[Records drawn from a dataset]
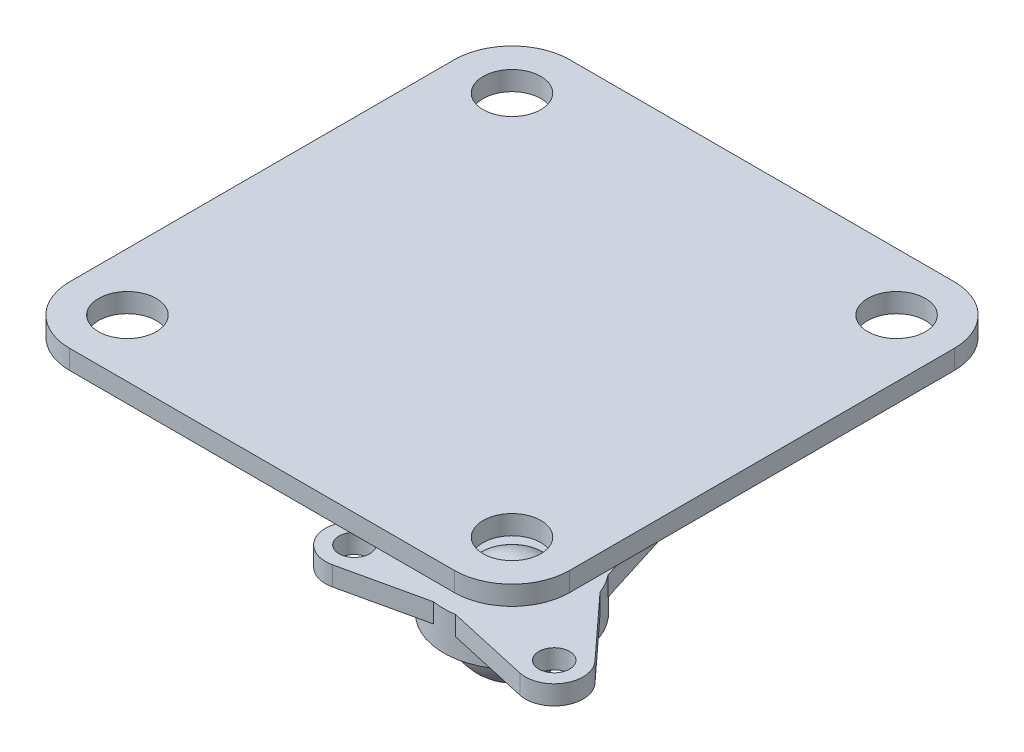
ISO-10303-21;
HEADER;
FILE_DESCRIPTION(('STEP AP214'),'2;1');
FILE_NAME('part.step','',(''),(''),'','','');
FILE_SCHEMA(('AUTOMOTIVE_DESIGN { 1 0 10303 214 1 1 1 1 }'));
ENDSEC;
DATA;
#1=APPLICATION_CONTEXT('core data for automotive mechanical design processes');
#2=APPLICATION_PROTOCOL_DEFINITION('international standard','automotive_design',2000,#1);
#3=PRODUCT_CONTEXT('',#1,'mechanical');
#4=PRODUCT('Part','Part','',(#3));
#5=PRODUCT_RELATED_PRODUCT_CATEGORY('part','',(#4));
#6=PRODUCT_DEFINITION_FORMATION('','',#4);
#7=PRODUCT_DEFINITION_CONTEXT('part definition',#1,'design');
#8=PRODUCT_DEFINITION('design','',#6,#7);
#9=PRODUCT_DEFINITION_SHAPE('','',#8);
#10=(LENGTH_UNIT() NAMED_UNIT(*) SI_UNIT(.MILLI.,.METRE.));
#11=(NAMED_UNIT(*) PLANE_ANGLE_UNIT() SI_UNIT($,.RADIAN.));
#12=(NAMED_UNIT(*) SI_UNIT($,.STERADIAN.) SOLID_ANGLE_UNIT());
#13=UNCERTAINTY_MEASURE_WITH_UNIT(LENGTH_MEASURE(1.E-05),#10,'distance_accuracy_value','');
#14=(GEOMETRIC_REPRESENTATION_CONTEXT(3) GLOBAL_UNCERTAINTY_ASSIGNED_CONTEXT((#13)) GLOBAL_UNIT_ASSIGNED_CONTEXT((#10,
#11,#12)) REPRESENTATION_CONTEXT('',''));
#15=CARTESIAN_POINT('',(0.,0.,0.));
#16=DIRECTION('',(0.,0.,1.));
#17=DIRECTION('',(1.,0.,0.));
#18=AXIS2_PLACEMENT_3D('',#15,#16,#17);
#19=CARTESIAN_POINT('',(0.,-13.45,0.));
#20=DIRECTION('',(0.,-1.,0.));
#21=DIRECTION('',(1.,0.,0.));
#22=AXIS2_PLACEMENT_3D('',#19,#20,#21);
#23=SPHERICAL_SURFACE('',#22,2.55);
#24=CARTESIAN_POINT('',(0.,-11.45,0.));
#25=DIRECTION('',(0.,1.,0.));
#26=DIRECTION('',(0.,0.,1.));
#27=AXIS2_PLACEMENT_3D('',#24,#25,#26);
#28=CIRCLE('',#27,1.58192920195564);
#29=CARTESIAN_POINT('',(0.,-11.45,1.58192920195564));
#30=VERTEX_POINT('',#29);
#31=EDGE_CURVE('E12',#30,#30,#28,.F.);
#32=ORIENTED_EDGE('',*,*,#31,.F.);
#33=EDGE_LOOP('',(#32));
#34=FACE_BOUND('',#33,.T.);
#35=ADVANCED_FACE('F44',(#34),#23,.T.);
#36=CARTESIAN_POINT('',(3.55,-11.45,0.));
#37=DIRECTION('',(0.,1.,0.));
#38=DIRECTION('',(0.,0.,1.));
#39=AXIS2_PLACEMENT_3D('',#36,#37,#38);
#40=PLANE('',#39);
#41=ORIENTED_EDGE('',*,*,#31,.T.);
#42=EDGE_LOOP('',(#41));
#43=FACE_BOUND('',#42,.T.);
#44=CARTESIAN_POINT('',(0.,-11.45,0.));
#45=DIRECTION('',(0.,-1.,0.));
#46=DIRECTION('',(0.,0.,-1.));
#47=AXIS2_PLACEMENT_3D('',#44,#45,#46);
#48=CIRCLE('',#47,3.55);
#49=CARTESIAN_POINT('',(2.75,-11.45,-2.24499443206437));
#50=VERTEX_POINT('',#49);
#51=CARTESIAN_POINT('',(3.31922220952235,-11.45,-1.25907264437505));
#52=VERTEX_POINT('',#51);
#53=EDGE_CURVE('E245',#50,#52,#48,.T.);
#54=ORIENTED_EDGE('',*,*,#53,.F.);
#55=DIRECTION('',(-0.299313913139755,0.,-0.954154694691048));
#56=VECTOR('',#55,1.);
#57=CARTESIAN_POINT('',(1.43123204203657,-11.45,-6.44897086970963));
#58=LINE('',#57,#56);
#59=CARTESIAN_POINT('',(1.43123204203657,-11.45,-6.44897086970963));
#60=VERTEX_POINT('',#59);
#61=EDGE_CURVE('E209',#50,#60,#58,.T.);
#62=ORIENTED_EDGE('',*,*,#61,.T.);
#63=CARTESIAN_POINT('',(0.,-11.45,-6.));
#64=DIRECTION('',(0.,1.,0.));
#65=DIRECTION('',(0.,0.,1.));
#66=AXIS2_PLACEMENT_3D('',#63,#64,#65);
#67=CIRCLE('',#66,1.5);
#68=CARTESIAN_POINT('',(-1.43123204203657,-11.45,-6.44897086970963));
#69=VERTEX_POINT('',#68);
#70=EDGE_CURVE('E227',#60,#69,#67,.T.);
#71=ORIENTED_EDGE('',*,*,#70,.T.);
#72=DIRECTION('',(-0.299313913139755,0.,0.954154694691048));
#73=VECTOR('',#72,1.);
#74=CARTESIAN_POINT('',(-2.75,-11.45,-2.24499443206437));
#75=LINE('',#74,#73);
#76=CARTESIAN_POINT('',(-2.75,-11.45,-2.24499443206437));
#77=VERTEX_POINT('',#76);
#78=EDGE_CURVE('E215',#69,#77,#75,.T.);
#79=ORIENTED_EDGE('',*,*,#78,.T.);
#80=CARTESIAN_POINT('',(-3.31922220952236,-11.45,-1.25907264437501));
#81=VERTEX_POINT('',#80);
#82=EDGE_CURVE('E244',#81,#77,#48,.T.);
#83=ORIENTED_EDGE('',*,*,#82,.F.);
#84=DIRECTION('',(-0.676665248172752,0.,0.736290799830684));
#85=VECTOR('',#84,1.);
#86=CARTESIAN_POINT('',(-6.30058862245265,-11.45,1.9850021277409));
#87=LINE('',#86,#85);
#88=CARTESIAN_POINT('',(-6.30058862245265,-11.45,1.9850021277409));
#89=VERTEX_POINT('',#88);
#90=EDGE_CURVE('E173',#81,#89,#87,.T.);
#91=ORIENTED_EDGE('',*,*,#90,.T.);
#92=CARTESIAN_POINT('',(-5.19615242270662,-11.45,3.00000000000002));
#93=DIRECTION('',(0.,1.,0.));
#94=DIRECTION('',(0.866025403784436,0.,-0.500000000000004));
#95=AXIS2_PLACEMENT_3D('',#92,#93,#94);
#96=CIRCLE('',#95,1.5);
#97=CARTESIAN_POINT('',(-4.86935658041606,-11.45,4.46396874196879));
#98=VERTEX_POINT('',#97);
#99=EDGE_CURVE('E191',#89,#98,#96,.T.);
#100=ORIENTED_EDGE('',*,*,#99,.T.);
#101=DIRECTION('',(0.97597916131251,0.,-0.217863894860372));
#102=VECTOR('',#101,1.);
#103=CARTESIAN_POINT('',(-0.569222209522342,-11.45,3.50406707643939));
#104=LINE('',#103,#102);
#105=CARTESIAN_POINT('',(-0.569222209522342,-11.45,3.50406707643939));
#106=VERTEX_POINT('',#105);
#107=EDGE_CURVE('E179',#98,#106,#104,.T.);
#108=ORIENTED_EDGE('',*,*,#107,.T.);
#109=CARTESIAN_POINT('',(0.569222209522391,-11.45,3.50406707643938));
#110=VERTEX_POINT('',#109);
#111=EDGE_CURVE('E246',#110,#106,#48,.T.);
#112=ORIENTED_EDGE('',*,*,#111,.F.);
#113=DIRECTION('',(0.975979161312512,0.,0.217863894860358));
#114=VECTOR('',#113,1.);
#115=CARTESIAN_POINT('',(4.86935658041612,-11.45,4.46396874196872));
#116=LINE('',#115,#114);
#117=CARTESIAN_POINT('',(4.86935658041612,-11.45,4.46396874196872));
#118=VERTEX_POINT('',#117);
#119=EDGE_CURVE('E160',#110,#118,#116,.T.);
#120=ORIENTED_EDGE('',*,*,#119,.T.);
#121=CARTESIAN_POINT('',(5.19615242270666,-11.45,2.99999999999995));
#122=DIRECTION('',(0.,1.,0.));
#123=DIRECTION('',(-0.866025403784443,0.,-0.499999999999992));
#124=AXIS2_PLACEMENT_3D('',#121,#122,#123);
#125=CIRCLE('',#124,1.5);
#126=CARTESIAN_POINT('',(6.30058862245267,-11.45,1.98500212774081));
#127=VERTEX_POINT('',#126);
#128=EDGE_CURVE('E138',#118,#127,#125,.T.);
#129=ORIENTED_EDGE('',*,*,#128,.T.);
#130=DIRECTION('',(-0.676665248172762,0.,-0.736290799830675));
#131=VECTOR('',#130,1.);
#132=CARTESIAN_POINT('',(3.31922220952235,-11.45,-1.25907264437505));
#133=LINE('',#132,#131);
#134=EDGE_CURVE('E155',#127,#52,#133,.T.);
#135=ORIENTED_EDGE('',*,*,#134,.T.);
#136=EDGE_LOOP('',(#54,#62,#71,#79,#83,#91,#100,#108,#112,#120,#129,#135));
#137=FACE_BOUND('',#136,.T.);
#138=CARTESIAN_POINT('',(0.,-11.45,-6.));
#139=DIRECTION('',(0.,1.,0.));
#140=DIRECTION('',(0.,0.,1.));
#141=AXIS2_PLACEMENT_3D('',#138,#139,#140);
#142=CIRCLE('',#141,0.8);
#143=CARTESIAN_POINT('',(0.,-11.45,-5.2));
#144=VERTEX_POINT('',#143);
#145=EDGE_CURVE('E199',#144,#144,#142,.T.);
#146=ORIENTED_EDGE('',*,*,#145,.F.);
#147=EDGE_LOOP('',(#146));
#148=FACE_BOUND('',#147,.T.);
#149=CARTESIAN_POINT('',(-5.19615242270662,-11.45,3.00000000000002));
#150=DIRECTION('',(0.,1.,0.));
#151=DIRECTION('',(0.866025403784436,0.,-0.500000000000004));
#152=AXIS2_PLACEMENT_3D('',#149,#150,#151);
#153=CIRCLE('',#152,0.8);
#154=CARTESIAN_POINT('',(-4.50333209967907,-11.45,2.60000000000002));
#155=VERTEX_POINT('',#154);
#156=EDGE_CURVE('E167',#155,#155,#153,.T.);
#157=ORIENTED_EDGE('',*,*,#156,.F.);
#158=EDGE_LOOP('',(#157));
#159=FACE_BOUND('',#158,.T.);
#160=CARTESIAN_POINT('',(5.19615242270666,-11.45,2.99999999999995));
#161=DIRECTION('',(0.,1.,0.));
#162=DIRECTION('',(-0.866025403784443,0.,-0.499999999999992));
#163=AXIS2_PLACEMENT_3D('',#160,#161,#162);
#164=CIRCLE('',#163,0.8);
#165=CARTESIAN_POINT('',(4.50333209967911,-11.45,2.59999999999996));
#166=VERTEX_POINT('',#165);
#167=EDGE_CURVE('E280',#166,#166,#164,.T.);
#168=ORIENTED_EDGE('',*,*,#167,.F.);
#169=EDGE_LOOP('',(#168));
#170=FACE_BOUND('',#169,.T.);
#171=ADVANCED_FACE('F265',(#43,#137,#148,#159,#170),#40,.T.);
#172=CARTESIAN_POINT('',(0.,-13.45,0.));
#173=DIRECTION('',(0.,-1.,0.));
#174=DIRECTION('',(0.,0.,-1.));
#175=AXIS2_PLACEMENT_3D('',#172,#173,#174);
#176=CYLINDRICAL_SURFACE('',#175,3.55);
#177=DIRECTION('',(0.,1.,0.));
#178=VECTOR('',#177,1.);
#179=CARTESIAN_POINT('',(3.31922220952235,-12.45,-1.25907264437505));
#180=LINE('',#179,#178);
#181=CARTESIAN_POINT('',(3.31922220952235,-12.45,-1.25907264437505));
#182=VERTEX_POINT('',#181);
#183=EDGE_CURVE('E59',#182,#52,#180,.T.);
#184=ORIENTED_EDGE('',*,*,#183,.F.);
#185=CARTESIAN_POINT('',(0.,-12.45,0.));
#186=DIRECTION('',(0.,-1.,0.));
#187=DIRECTION('',(0.866025403784443,0.,0.499999999999992));
#188=AXIS2_PLACEMENT_3D('',#185,#186,#187);
#189=CIRCLE('',#188,3.55);
#190=CARTESIAN_POINT('',(0.569222209522391,-12.45,3.50406707643938));
#191=VERTEX_POINT('',#190);
#192=EDGE_CURVE('E63',#182,#191,#189,.T.);
#193=ORIENTED_EDGE('',*,*,#192,.T.);
#194=DIRECTION('',(0.,1.,0.));
#195=VECTOR('',#194,1.);
#196=CARTESIAN_POINT('',(0.569222209522391,-12.45,3.50406707643938));
#197=LINE('',#196,#195);
#198=EDGE_CURVE('E144',#191,#110,#197,.T.);
#199=ORIENTED_EDGE('',*,*,#198,.T.);
#200=ORIENTED_EDGE('',*,*,#111,.T.);
#201=DIRECTION('',(0.,1.,0.));
#202=VECTOR('',#201,1.);
#203=CARTESIAN_POINT('',(-0.569222209522342,-12.45,3.50406707643939));
#204=LINE('',#203,#202);
#205=CARTESIAN_POINT('',(-0.569222209522342,-12.45,3.50406707643939));
#206=VERTEX_POINT('',#205);
#207=EDGE_CURVE('E196',#206,#106,#204,.T.);
#208=ORIENTED_EDGE('',*,*,#207,.F.);
#209=CARTESIAN_POINT('',(0.,-12.45,0.));
#210=DIRECTION('',(0.,-1.,0.));
#211=DIRECTION('',(-0.866025403784436,0.,0.500000000000004));
#212=AXIS2_PLACEMENT_3D('',#209,#210,#211);
#213=CIRCLE('',#212,3.55);
#214=CARTESIAN_POINT('',(-3.31922220952236,-12.45,-1.25907264437501));
#215=VERTEX_POINT('',#214);
#216=EDGE_CURVE('E176',#206,#215,#213,.T.);
#217=ORIENTED_EDGE('',*,*,#216,.T.);
#218=DIRECTION('',(0.,1.,0.));
#219=VECTOR('',#218,1.);
#220=CARTESIAN_POINT('',(-3.31922220952236,-12.45,-1.25907264437501));
#221=LINE('',#220,#219);
#222=EDGE_CURVE('E188',#215,#81,#221,.T.);
#223=ORIENTED_EDGE('',*,*,#222,.T.);
#224=ORIENTED_EDGE('',*,*,#82,.T.);
#225=DIRECTION('',(0.,1.,0.));
#226=VECTOR('',#225,1.);
#227=CARTESIAN_POINT('',(-2.75,-12.45,-2.24499443206437));
#228=LINE('',#227,#226);
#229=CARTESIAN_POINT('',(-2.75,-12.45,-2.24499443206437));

EXERCISE PROMPT → Your answer should be one number: how many lines above contain "VECTOR".

RESPONSE TO THIS EXERCISE → 11